» **TASK**: Check every line of the material for the word "point". Copy those that have it.

» **DATA FOR REVIEW**:
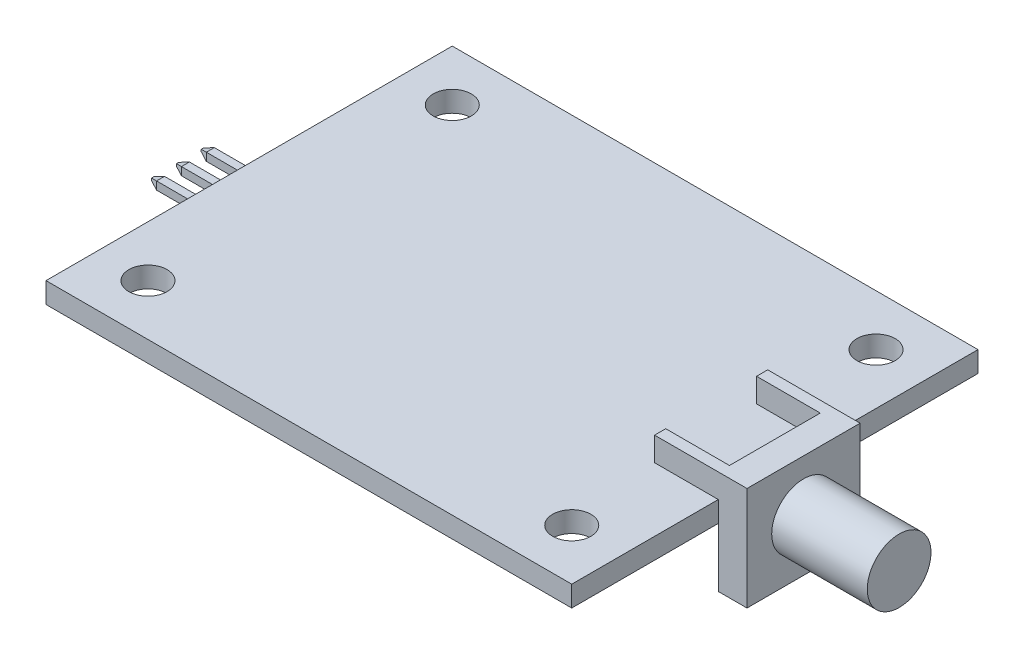
SolidWorks part; units mm, degrees
ref_plane "Front Plane" through (0, 0, 0) normal (0, 0, 1) x (1, 0, 0)
ref_plane "Top Plane" through (0, 0, 0) normal (0, 1, 0) x (1, 0, 0)
ref_plane "Right Plane" through (0, 0, 0) normal (1, 0, 0) x (0, 0, -1)
sketch "Sketch1" plane through (0, 0, 0) normal (0, 1, 0) x (1, 0, 0)
  line L1 (-20.955, -16.1925) -> (20.955, -16.1925)
  line L2 (-20.955, -16.1925) -> (-20.955, 16.1925)
  line L3 (-20.955, 16.1925) -> (20.955, 16.1925)
  line L4 (20.955, -16.1925) -> (20.955, 16.1925)
  line L5 (-20.955, -16.1925) -> (20.955, 16.1925) construction
  line L6 (-20.955, 16.1925) -> (20.955, -16.1925) construction
  point P0 (0, 0)
  dimension "D1" = 41.91
  dimension "D2" = 32.385
extrude "Boss-Extrude1" add sketch "Sketch1" along normal blind 1.651
sketch "Sketch2" plane through (0, 1.651, 0) normal (0, 1, 0) x (1, 0, 0)
  line L0 (20.955, 16.1925) -> (-20.955, 16.1925) construction
  line L1 (-20.955, 16.1925) -> (-20.955, -16.1925) construction
  line L2 (0, 0) -> (0, 16.1925) construction
  line L3 (0, 0) -> (20.955, 0) construction
  line L4 (20.955, -16.1925) -> (20.955, 16.1925) construction
  circle A0 centre (-16.891, 12.1285) radius 1.524
  circle A1 centre (16.891, 12.1285) radius 1.524
  circle A2 centre (-16.891, -12.1285) radius 1.524
  circle A3 centre (16.891, -12.1285) radius 1.524
  point P2 (-16.891, 13.6525)
  point P3 (-18.415, 12.1285)
  dimension "D1" = 3.048
  dimension "D2" = 2.54
  dimension "D3" = 2.54
extrude "Cut-Extrude1" cut sketch "Sketch2" against normal through all
sketch "Sketch3" plane through (0, 1.651, 0) normal (0, 1, 0) x (1, 0, 0)
  line L0 (20.955, -16.1925) -> (20.955, 16.1925) construction
  line L1 (15.875, -4.5085) -> (26.035, -4.5085) construction
  line L2 (15.875, -4.5085) -> (15.875, 4.5085) construction
  line L3 (15.875, 4.5085) -> (26.035, 4.5085) construction
  line L4 (26.035, -4.5085) -> (26.035, 4.5085) construction
  line L5 (15.875, -4.5085) -> (26.035, 4.5085) construction
  line L6 (15.875, 4.5085) -> (26.035, -4.5085) construction
  line L8 (15.875, 4.5085) -> (20.955, 4.5085)
  line L9 (15.875, 4.5085) -> (15.875, 3.6195)
  line L10 (15.875, 3.6195) -> (20.955, 3.6195)
  line L11 (20.955, 4.5085) -> (20.955, 3.6195)
  line L12 (15.875, -4.5085) -> (20.955, -4.5085)
  line L13 (15.875, -4.5085) -> (15.875, -3.6195)
  line L14 (15.875, -3.6195) -> (20.955, -3.6195)
  line L15 (20.955, -4.5085) -> (20.955, -3.6195)
  point P0 (20.955, 0)
  dimension "D1" = 5.08
  dimension "D2" = 9.017
  dimension "D3" = 0.889
extrude "Boss-Extrude2" add sketch "Sketch3" along normal blind 1.905
sketch "Sketch4" plane through (0, 1.651, 0) normal (0, 1, 0) x (1, 0, 0)
  line L0 (15.875, -4.5085) -> (20.955, -4.5085) construction
  line L1 (20.955, 4.5085) -> (23.241, 4.5085)
  line L2 (20.955, 4.5085) -> (20.955, -4.5085)
  line L3 (20.955, -4.5085) -> (23.241, -4.5085)
  line L4 (23.241, 4.5085) -> (23.241, -4.5085)
  line L5 (20.955, 4.5085) -> (15.875, 4.5085) construction
  line L6 (20.955, -16.1925) -> (20.955, -4.5085) construction
  dimension "D1" = 2.286
extrude "Boss-Extrude3" add sketch "Sketch4" along normal up to surface (1.905 mm away) and the other way blind 6.35 up to face at (18.415, 3.556, -4.064)
sketch "Sketch5" plane through (23.241, 0, 0) normal (1, 0, 0) x (0, 0, -1)
  line L0 (-4.5085, -4.699) -> (4.5085, 3.556) construction
  circle A0 centre (0, -0.5715) radius 2.54
  point P6 (0, 0)
  dimension "D1" = 5.08
extrude "Boss-Extrude4" add sketch "Sketch5" along normal blind 7.62
sketch "Sketch6" plane through (0, 0, 0) normal (0, -1, 0) x (1, 0, 0)
  line L0 (20.955, 0) -> (-20.955, 0) construction
  line L1 (20.955, 4.5085) -> (20.955, -4.5085) construction
  line L2 (-20.955, -16.1925) -> (-20.955, 16.1925) construction
  line L4 (-18.415, -3.9688) -> (-15.875, -3.9688)
  line L5 (-18.415, -3.9688) -> (-18.415, 3.9687)
  line L6 (-18.415, 3.9687) -> (-15.875, 3.9687)
  line L7 (-15.875, -3.9688) -> (-15.875, 3.9687)
  line L8 (-18.415, -3.9688) -> (-15.875, 3.9687) construction
  line L9 (-18.415, 3.9687) -> (-15.875, -3.9688) construction
  point P6 (-17.145, 0)
  dimension "D1" = 7.9375
  dimension "D2" = 2.54
  dimension "D3" = 2.54
extrude "Boss-Extrude5" add sketch "Sketch6" along normal blind 2.54
sketch "Sketch7" plane through (-18.415, 0, 0) normal (-1, 0, 0) x (0, 0, 1)
  line L0 (3.9687, -1.27) -> (1.9844, -1.27) construction
  line L1 (3.9687, -2.54) -> (3.9687, 0) construction
  line L2 (1.9844, -1.27) -> (0, -1.27) construction
  line L3 (0, -1.27) -> (-1.9844, -1.27) construction
  line L4 (-1.9844, -1.27) -> (-3.9688, -1.27) construction
  line L5 (-3.9688, -2.54) -> (-3.9688, 0) construction
  line L7 (2.3019, -0.9525) -> (1.6669, -0.9525)
  line L8 (2.3019, -0.9525) -> (2.3019, -1.5875)
  line L9 (2.3019, -1.5875) -> (1.6669, -1.5875)
  line L10 (1.6669, -0.9525) -> (1.6669, -1.5875)
  line L11 (2.3019, -0.9525) -> (1.6669, -1.5875) construction
  line L12 (2.3019, -1.5875) -> (1.6669, -0.9525) construction
  line L13 (0.3175, -0.9525) -> (-0.3175, -0.9525)
  line L14 (0.3175, -0.9525) -> (0.3175, -1.5875)
  line L15 (0.3175, -1.5875) -> (-0.3175, -1.5875)
  line L16 (-0.3175, -0.9525) -> (-0.3175, -1.5875)
  line L17 (0.3175, -0.9525) -> (-0.3175, -1.5875) construction
  line L18 (0.3175, -1.5875) -> (-0.3175, -0.9525) construction
  line L19 (-1.6669, -0.9525) -> (-2.3019, -0.9525)
  line L20 (-1.6669, -0.9525) -> (-1.6669, -1.5875)
  line L21 (-1.6669, -1.5875) -> (-2.3019, -1.5875)
  line L22 (-2.3019, -0.9525) -> (-2.3019, -1.5875)
  line L23 (-1.6669, -0.9525) -> (-2.3019, -1.5875) construction
  line L24 (-1.6669, -1.5875) -> (-2.3019, -0.9525) construction
  dimension "D1" = 0.635
extrude "Boss-Extrude6" add sketch "Sketch7" along normal blind 7.62
sketch "Sketch8" plane through (-26.035, 0, 0) normal (-1, 0, 0) x (0, 0, 1)
  line L0 (-2.3019, -0.9525) -> (-2.3019, -1.5875) construction
  line L1 (-2.3019, -1.5875) -> (-1.6669, -1.5875) construction
  line L2 (-1.6669, -1.5875) -> (-1.6669, -0.9525) construction
  line L3 (-1.6669, -0.9525) -> (-2.3019, -0.9525) construction
  line L4 (-0.3175, -0.9525) -> (-0.3175, -1.5875) construction
  line L5 (-0.3175, -1.5875) -> (0.3175, -1.5875) construction
  line L6 (0.3175, -1.5875) -> (0.3175, -0.9525) construction
  line L7 (0.3175, -0.9525) -> (-0.3175, -0.9525) construction
  line L8 (1.6669, -0.9525) -> (1.6669, -1.5875) construction
  line L9 (1.6669, -1.5875) -> (2.3019, -1.5875) construction
  line L10 (2.3019, -1.5875) -> (2.3019, -0.9525) construction
  line L11 (2.3019, -0.9525) -> (1.6669, -0.9525) construction
  line L12 (-2.3019, -0.9525) -> (-2.3019, -1.5875)
  line L13 (-2.3019, -1.5875) -> (-1.6669, -1.5875)
  line L14 (-1.6669, -1.5875) -> (-1.6669, -0.9525)
  line L15 (-1.6669, -0.9525) -> (-2.3019, -0.9525)
  line L16 (-0.3175, -0.9525) -> (-0.3175, -1.5875)
  line L17 (-0.3175, -1.5875) -> (0.3175, -1.5875)
  line L18 (0.3175, -1.5875) -> (0.3175, -0.9525)
  line L19 (0.3175, -0.9525) -> (-0.3175, -0.9525)
  line L20 (1.6669, -0.9525) -> (1.6669, -1.5875)
  line L21 (1.6669, -1.5875) -> (2.3019, -1.5875)
  line L22 (2.3019, -1.5875) -> (2.3019, -0.9525)
  line L23 (2.3019, -0.9525) -> (1.6669, -0.9525)
extrude "Boss-Extrude7" add sketch "Sketch8" along normal blind 0.635 draft 20
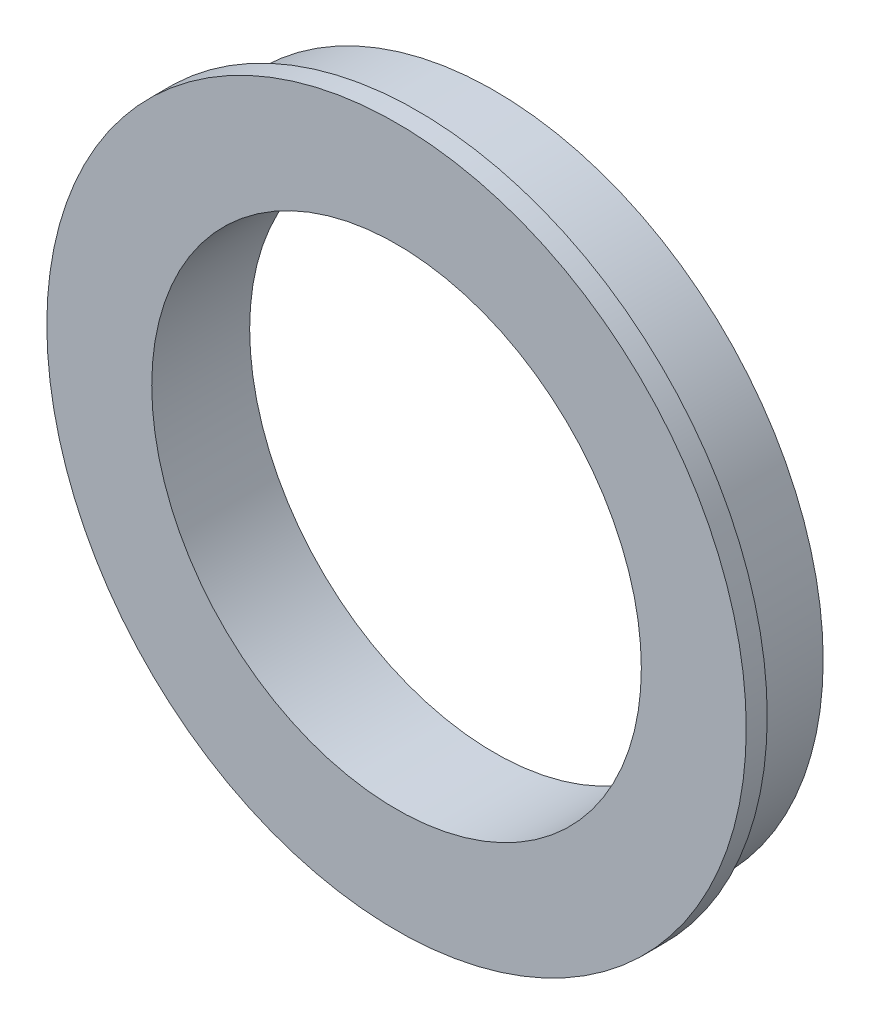
SolidWorks part; units mm, degrees
ref_plane "前视基准面" through (0, 0, 0) normal (0, 0, 1) x (1, 0, 0)
ref_plane "上视基准面" through (0, 0, 0) normal (0, 1, 0) x (1, 0, 0)
ref_plane "右视基准面" through (0, 0, 0) normal (1, 0, 0) x (0, 0, -1)
other "Configuration Table"
sketch "草图1" plane through (0, 0, 0) normal (0, 0, 1) x (1, 0, 0)
  circle A0 centre (0, 0) radius 17.5
  circle A1 centre (0, 0) radius 23.5
  dimension "D1" = 35
  dimension "D2" = 47
extrude "凸台-拉伸1" add sketch "草图1" along normal blind 5.5
sketch "草图2" plane through (0, 0, 5.5) normal (0, 0, 1) x (1, 0, 0)
  circle A0 centre (0, 0) radius 25
  circle A2 centre (0, 0) radius 17.5
  dimension "D1" = 50
extrude "凸台-拉伸2" add sketch "草图2" along normal blind 1.5
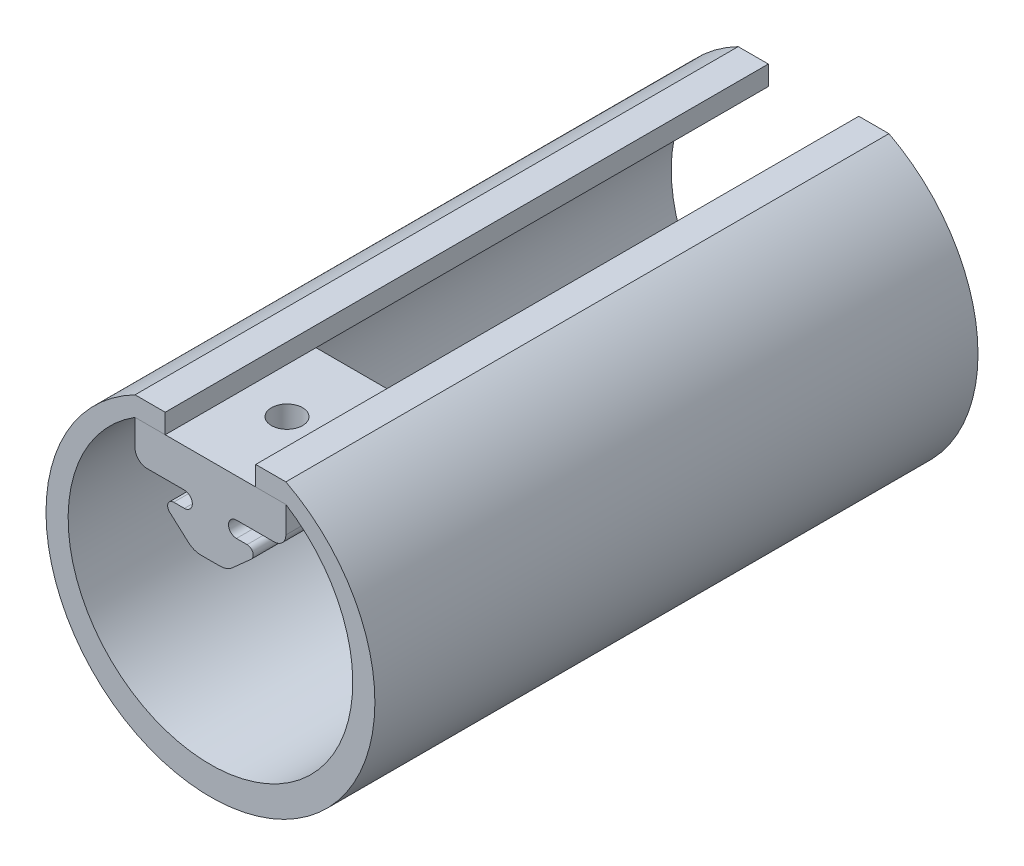
SolidWorks part; units mm, degrees
material "6105-T5 Aluminum"
ref_plane "Front Plane" through (0, 0, 0) normal (0, 0, 1) x (1, 0, 0)
ref_plane "Top Plane" through (0, 0, 0) normal (0, 1, 0) x (1, 0, 0)
ref_plane "Right Plane" through (0, 0, 0) normal (1, 0, 0) x (0, 0, -1)
sketch "Sketch1" plane through (0, 0, 0) normal (0, 0, 1) x (1, 0, 0)
  line L14 (4.315, 12.745) -> (10.5321, 12.745)
  line L15 (12.505, 14.7079) -> (12.505, 19.095)
  line L16 (6.085, 10.115) -> (4.315, 10.115)
  line L17 (3.6646, 5.583) -> (6.7586, 8.3524)
  line L28 (1.5504, 4.775) -> (-1.5504, 4.775)
  line L29 (-3.6646, 5.583) -> (-6.7586, 8.3524)
  line L30 (-6.085, 10.115) -> (-4.315, 10.115)
  line L31 (-12.495, 14.7079) -> (-12.495, 19.095)
  line L32 (-4.315, 12.745) -> (-10.5321, 12.745)
  line L36 (-15.7643, 0) -> (12.505, 0) construction
  line L37 (0, 13.9334) -> (0, -12.3541) construction
  line L38 (-12.495, 19.095) -> (12.505, 19.095)
  arc A12 (4.315, 10.115) -> (4.315, 12.745) centre (4.315, 11.43) cw
  arc A13 (6.085, 10.115) -> (6.7586, 8.3524) centre (6.085, 9.105) cw
  arc A14 (3.6646, 5.583) -> (1.5504, 4.775) centre (1.5504, 7.945) cw
  arc A24 (-3.6646, 5.583) -> (-1.5504, 4.775) centre (-1.5504, 7.945) ccw
  arc A25 (-6.085, 10.115) -> (-6.7586, 8.3524) centre (-6.085, 9.105) ccw
  arc A26 (-4.315, 10.115) -> (-4.315, 12.745) centre (-4.315, 11.43) ccw
  arc A29 (10.5321, 12.745) -> (12.505, 14.7079) centre (10.5421, 14.7079) ccw
  arc A30 (-10.5321, 12.745) -> (-12.495, 14.7079) centre (-10.5321, 14.7079) cw
  dimension "D4" = 14.19
  dimension "D5" = 5.34
  dimension "D6" = 6
  dimension "D7" = 1.01
  dimension "D8" = 6.35
  dimension "D3" = 3.17
  dimension "D2" = 25
  dimension "D10" = 2.63
extrude "Extrude1" add sketch "Sketch1" against normal blind 25
sketch "Sketch2" plane through (0, 19.095, 0) normal (0, 1, 0) x (1, 0, 0)
  line L0 (0, 50.8) -> (0, 0) construction
  line L3 (-12.495, 25) -> (-12.495, 0) construction
  line L4 (-12.495, 12.5) -> (12.5, 12.5) construction
  circle A1 centre (0, 12.7) radius 2.5797
extrude "Cut-Extrude1" cut sketch "Sketch2" against normal through all
sketch "Sketch5" plane through (0, 0, 0) normal (0, 0, 1) x (1, 0, 0)
  line L0 (-12.495, 19.095) -> (-12.495, 22.3324)
  line L1 (-12.495, 22.3324) -> (-7.495, 22.3324)
  line L2 (12.505, 22.3324) -> (12.505, 19.095)
  line L3 (-7.495, 22.3324) -> (-7.495, 19.095)
  line L4 (12.505, 19.095) -> (-12.495, 19.095) construction
  line L5 (7.505, 22.3324) -> (7.505, 19.095)
  line L6 (-12.495, 22.3324) -> (-7.495, 22.3324)
  line L7 (-7.495, 19.095) -> (-12.495, 19.095)
  line L8 (7.505, 22.3324) -> (12.505, 22.3324)
  line L9 (12.505, 19.095) -> (7.505, 19.095)
  line L10 (7.505, 22.3324) -> (12.505, 22.3324)
  arc A0 (-12.495, 19.095) -> (12.505, 19.095) centre (0.005, -0.9197) ccw
  arc A1 (-12.495, 22.3324) -> (12.505, 22.3324) centre (0.005, -1.9007) ccw
  line M3 (12.505, 19.095) -> (-12.495, 19.095)
  dimension "D1" = 5
  dimension "D2" = 5
extrude "Boss-Extrude1" add sketch "Sketch5" against normal blind 100 separate body contours L0 A1 L2 A0 | L3 L1 L0 M3 | L8 L5 L2 M3

» **EXERCISE OUTPUT**:
  point P0 (0, 0)
  point P2 (-16.891, 13.6525)
  point P3 (-18.415, 12.1285)
  point P0 (20.955, 0)
  point P6 (0, 0)
  point P6 (-17.145, 0)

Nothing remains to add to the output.